-- PROVIDED MATERIAL --
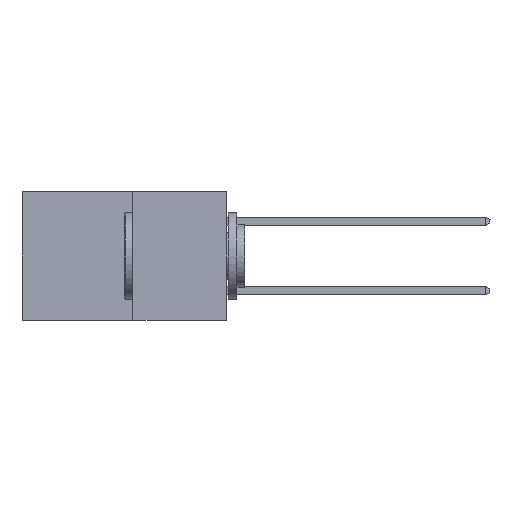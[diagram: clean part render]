
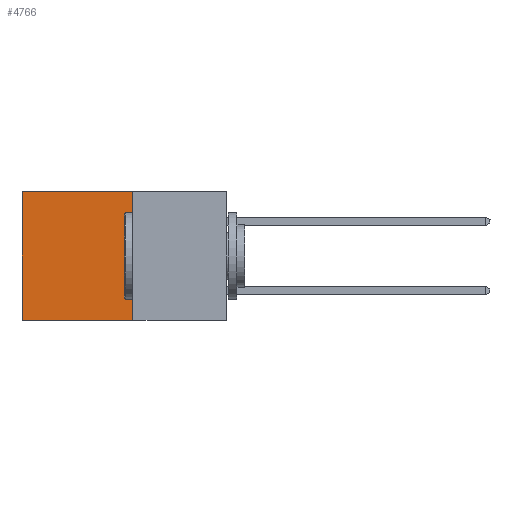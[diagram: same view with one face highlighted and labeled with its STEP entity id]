
A CAD part, left-side view. The second image highlights one B-rep face of the part: STEP entity #4766.
In plain terms, the highlighted planar face has unit normal (-1, 0, 0).
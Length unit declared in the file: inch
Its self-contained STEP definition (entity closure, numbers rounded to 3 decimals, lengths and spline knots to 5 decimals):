
#531 = DIRECTION ( 'NONE',  ( 0., 0., -1. ) ) ;
#1006 = CARTESIAN_POINT ( 'NONE',  ( 0.277, 0.59, -0.37 ) ) ;
#1007 = ORIENTED_EDGE ( 'NONE', *, *, #10340, .T. ) ;
#1632 = PLANE ( 'NONE',  #12937 ) ;
#2531 = VECTOR ( 'NONE', #9209, 39.37008 ) ;
#2933 = ORIENTED_EDGE ( 'NONE', *, *, #8868, .T. ) ;
#3044 = VECTOR ( 'NONE', #4792, 39.37008 ) ;
#3254 = VERTEX_POINT ( 'NONE', #4423 ) ;
#3756 = LINE ( 'NONE', #11860, #8222 ) ;
#3840 = VERTEX_POINT ( 'NONE', #5778 ) ;
#4423 = CARTESIAN_POINT ( 'NONE',  ( 0.277, 0.27, -0.37 ) ) ;
#4766 = ADVANCED_FACE ( 'NONE', ( #9173 ), #1632, .F. ) ;
#4792 = DIRECTION ( 'NONE',  ( 0., 1., 0. ) ) ;
#4848 = EDGE_CURVE ( 'NONE', #3840, #3254, #3756, .T. ) ;
#5026 = CARTESIAN_POINT ( 'NONE',  ( 0.277, 0.27, -0.37 ) ) ;
#5283 = LINE ( 'NONE', #1006, #2531 ) ;
#5509 = CARTESIAN_POINT ( 'NONE',  ( 0.277, 0.27, -0.37 ) ) ;
#5620 = ORIENTED_EDGE ( 'NONE', *, *, #4848, .F. ) ;
#5778 = CARTESIAN_POINT ( 'NONE',  ( 0.277, 0.27, 0. ) ) ;
#6847 = CARTESIAN_POINT ( 'NONE',  ( 0.277, 0.27, 0. ) ) ;
#7037 = CARTESIAN_POINT ( 'NONE',  ( 0.277, 0.59, 0. ) ) ;
#8186 = ORIENTED_EDGE ( 'NONE', *, *, #9602, .F. ) ;
#8222 = VECTOR ( 'NONE', #11728, 39.37008 ) ;
#8868 = EDGE_CURVE ( 'NONE', #3840, #10653, #11196, .T. ) ;
#9173 = FACE_OUTER_BOUND ( 'NONE', #9953, .T. ) ;
#9209 = DIRECTION ( 'NONE',  ( 0., 0., -1. ) ) ;
#9602 = EDGE_CURVE ( 'NONE', #3254, #11100, #10301, .T. ) ;
#9678 = CARTESIAN_POINT ( 'NONE',  ( 0.277, 0.59, -0.37 ) ) ;
#9953 = EDGE_LOOP ( 'NONE', ( #1007, #8186, #5620, #2933 ) ) ;
#9978 = VECTOR ( 'NONE', #13046, 39.37008 ) ;
#10301 = LINE ( 'NONE', #5026, #9978 ) ;
#10340 = EDGE_CURVE ( 'NONE', #10653, #11100, #5283, .T. ) ;
#10653 = VERTEX_POINT ( 'NONE', #7037 ) ;
#11100 = VERTEX_POINT ( 'NONE', #9678 ) ;
#11196 = LINE ( 'NONE', #6847, #3044 ) ;
#11728 = DIRECTION ( 'NONE',  ( 0., 0., -1. ) ) ;
#11745 = DIRECTION ( 'NONE',  ( 1., 0., 0. ) ) ;
#11860 = CARTESIAN_POINT ( 'NONE',  ( 0.277, 0.27, -0.37 ) ) ;
#12937 = AXIS2_PLACEMENT_3D ( 'NONE', #5509, #11745, #531 ) ;
#13046 = DIRECTION ( 'NONE',  ( 0., 1., 0. ) ) ;

-- WORK TO COMPLETE --
All of the lines above should be copied exactly, apart from the pictures.

-- EXERCISE OUTPUT --
[diagram: clean part render]
[diagram: same view with one face highlighted and labeled with its STEP entity id]
A CAD part, left-side view. The second image highlights one B-rep face of the part: STEP entity #4766.
In plain terms, the highlighted planar face has unit normal (-1, 0, 0).
Length unit declared in the file: inch
Its self-contained STEP definition (entity closure, numbers rounded to 3 decimals, lengths and spline knots to 5 decimals):
#531 = DIRECTION ( 'NONE',  ( 0., 0., -1. ) ) ;
#1006 = CARTESIAN_POINT ( 'NONE',  ( 0.277, 0.59, -0.37 ) ) ;
#1007 = ORIENTED_EDGE ( 'NONE', *, *, #10340, .T. ) ;
#1632 = PLANE ( 'NONE',  #12937 ) ;
#2531 = VECTOR ( 'NONE', #9209, 39.37008 ) ;
#2933 = ORIENTED_EDGE ( 'NONE', *, *, #8868, .T. ) ;
#3044 = VECTOR ( 'NONE', #4792, 39.37008 ) ;
#3254 = VERTEX_POINT ( 'NONE', #4423 ) ;
#3756 = LINE ( 'NONE', #11860, #8222 ) ;
#3840 = VERTEX_POINT ( 'NONE', #5778 ) ;
#4423 = CARTESIAN_POINT ( 'NONE',  ( 0.277, 0.27, -0.37 ) ) ;
#4766 = ADVANCED_FACE ( 'NONE', ( #9173 ), #1632, .F. ) ;
#4792 = DIRECTION ( 'NONE',  ( 0., 1., 0. ) ) ;
#4848 = EDGE_CURVE ( 'NONE', #3840, #3254, #3756, .T. ) ;
#5026 = CARTESIAN_POINT ( 'NONE',  ( 0.277, 0.27, -0.37 ) ) ;
#5283 = LINE ( 'NONE', #1006, #2531 ) ;
#5509 = CARTESIAN_POINT ( 'NONE',  ( 0.277, 0.27, -0.37 ) ) ;
#5620 = ORIENTED_EDGE ( 'NONE', *, *, #4848, .F. ) ;
#5778 = CARTESIAN_POINT ( 'NONE',  ( 0.277, 0.27, 0. ) ) ;
#6847 = CARTESIAN_POINT ( 'NONE',  ( 0.277, 0.27, 0. ) ) ;
#7037 = CARTESIAN_POINT ( 'NONE',  ( 0.277, 0.59, 0. ) ) ;
#8186 = ORIENTED_EDGE ( 'NONE', *, *, #9602, .F. ) ;
#8222 = VECTOR ( 'NONE', #11728, 39.37008 ) ;
#8868 = EDGE_CURVE ( 'NONE', #3840, #10653, #11196, .T. ) ;
#9173 = FACE_OUTER_BOUND ( 'NONE', #9953, .T. ) ;
#9209 = DIRECTION ( 'NONE',  ( 0., 0., -1. ) ) ;
#9602 = EDGE_CURVE ( 'NONE', #3254, #11100, #10301, .T. ) ;
#9678 = CARTESIAN_POINT ( 'NONE',  ( 0.277, 0.59, -0.37 ) ) ;
#9953 = EDGE_LOOP ( 'NONE', ( #1007, #8186, #5620, #2933 ) ) ;
#9978 = VECTOR ( 'NONE', #13046, 39.37008 ) ;
#10301 = LINE ( 'NONE', #5026, #9978 ) ;
#10340 = EDGE_CURVE ( 'NONE', #10653, #11100, #5283, .T. ) ;
#10653 = VERTEX_POINT ( 'NONE', #7037 ) ;
#11100 = VERTEX_POINT ( 'NONE', #9678 ) ;
#11196 = LINE ( 'NONE', #6847, #3044 ) ;
#11728 = DIRECTION ( 'NONE',  ( 0., 0., -1. ) ) ;
#11745 = DIRECTION ( 'NONE',  ( 1., 0., 0. ) ) ;
#11860 = CARTESIAN_POINT ( 'NONE',  ( 0.277, 0.27, -0.37 ) ) ;
#12937 = AXIS2_PLACEMENT_3D ( 'NONE', #5509, #11745, #531 ) ;
#13046 = DIRECTION ( 'NONE',  ( 0., 1., 0. ) ) ;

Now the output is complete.